* **WHAT YOU HAVE TO DO**
Send back the entries exactly as they were given.

* **EXERCISE MATERIALS**
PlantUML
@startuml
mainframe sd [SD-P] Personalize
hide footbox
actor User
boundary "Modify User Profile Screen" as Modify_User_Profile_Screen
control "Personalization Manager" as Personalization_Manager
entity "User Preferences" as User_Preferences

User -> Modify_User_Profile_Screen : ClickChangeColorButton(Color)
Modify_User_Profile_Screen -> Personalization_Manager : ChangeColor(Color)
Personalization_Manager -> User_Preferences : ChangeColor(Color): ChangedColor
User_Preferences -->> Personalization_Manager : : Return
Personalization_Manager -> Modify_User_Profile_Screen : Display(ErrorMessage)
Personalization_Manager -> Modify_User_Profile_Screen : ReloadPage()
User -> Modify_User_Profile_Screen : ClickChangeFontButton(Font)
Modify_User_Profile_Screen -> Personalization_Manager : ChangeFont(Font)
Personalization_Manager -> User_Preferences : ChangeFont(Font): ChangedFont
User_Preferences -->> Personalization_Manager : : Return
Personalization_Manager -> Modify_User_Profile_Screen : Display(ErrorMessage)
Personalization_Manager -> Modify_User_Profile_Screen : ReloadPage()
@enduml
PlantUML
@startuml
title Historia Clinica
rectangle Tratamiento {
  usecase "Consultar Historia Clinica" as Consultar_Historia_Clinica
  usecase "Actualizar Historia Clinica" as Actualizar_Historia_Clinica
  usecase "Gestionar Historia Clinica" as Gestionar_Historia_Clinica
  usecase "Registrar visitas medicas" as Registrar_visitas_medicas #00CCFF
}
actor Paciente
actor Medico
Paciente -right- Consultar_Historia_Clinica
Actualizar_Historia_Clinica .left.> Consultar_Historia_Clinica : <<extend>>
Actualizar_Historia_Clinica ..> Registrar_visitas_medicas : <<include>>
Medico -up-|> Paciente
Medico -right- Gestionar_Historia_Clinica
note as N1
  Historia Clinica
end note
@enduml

* **TASK RESULT**
PlantUML
@startuml
mainframe sd [SD-P] Personalize
hide footbox
actor User
boundary "Modify User Profile Screen" as Modify_User_Profile_Screen
control "Personalization Manager" as Personalization_Manager
entity "User Preferences" as User_Preferences

User -> Modify_User_Profile_Screen : ClickChangeColorButton(Color)
Modify_User_Profile_Screen -> Personalization_Manager : ChangeColor(Color)
Personalization_Manager -> User_Preferences : ChangeColor(Color): ChangedColor
User_Preferences -->> Personalization_Manager : : Return
Personalization_Manager -> Modify_User_Profile_Screen : Display(ErrorMessage)
Personalization_Manager -> Modify_User_Profile_Screen : ReloadPage()
User -> Modify_User_Profile_Screen : ClickChangeFontButton(Font)
Modify_User_Profile_Screen -> Personalization_Manager : ChangeFont(Font)
Personalization_Manager -> User_Preferences : ChangeFont(Font): ChangedFont
User_Preferences -->> Personalization_Manager : : Return
Personalization_Manager -> Modify_User_Profile_Screen : Display(ErrorMessage)
Personalization_Manager -> Modify_User_Profile_Screen : ReloadPage()
@enduml
PlantUML
@startuml
title Historia Clinica
rectangle Tratamiento {
  usecase "Consultar Historia Clinica" as Consultar_Historia_Clinica
  usecase "Actualizar Historia Clinica" as Actualizar_Historia_Clinica
  usecase "Gestionar Historia Clinica" as Gestionar_Historia_Clinica
  usecase "Registrar visitas medicas" as Registrar_visitas_medicas #00CCFF
}
actor Paciente
actor Medico
Paciente -right- Consultar_Historia_Clinica
Actualizar_Historia_Clinica .left.> Consultar_Historia_Clinica : <<extend>>
Actualizar_Historia_Clinica ..> Registrar_visitas_medicas : <<include>>
Medico -up-|> Paciente
Medico -right- Gestionar_Historia_Clinica
note as N1
  Historia Clinica
end note
@enduml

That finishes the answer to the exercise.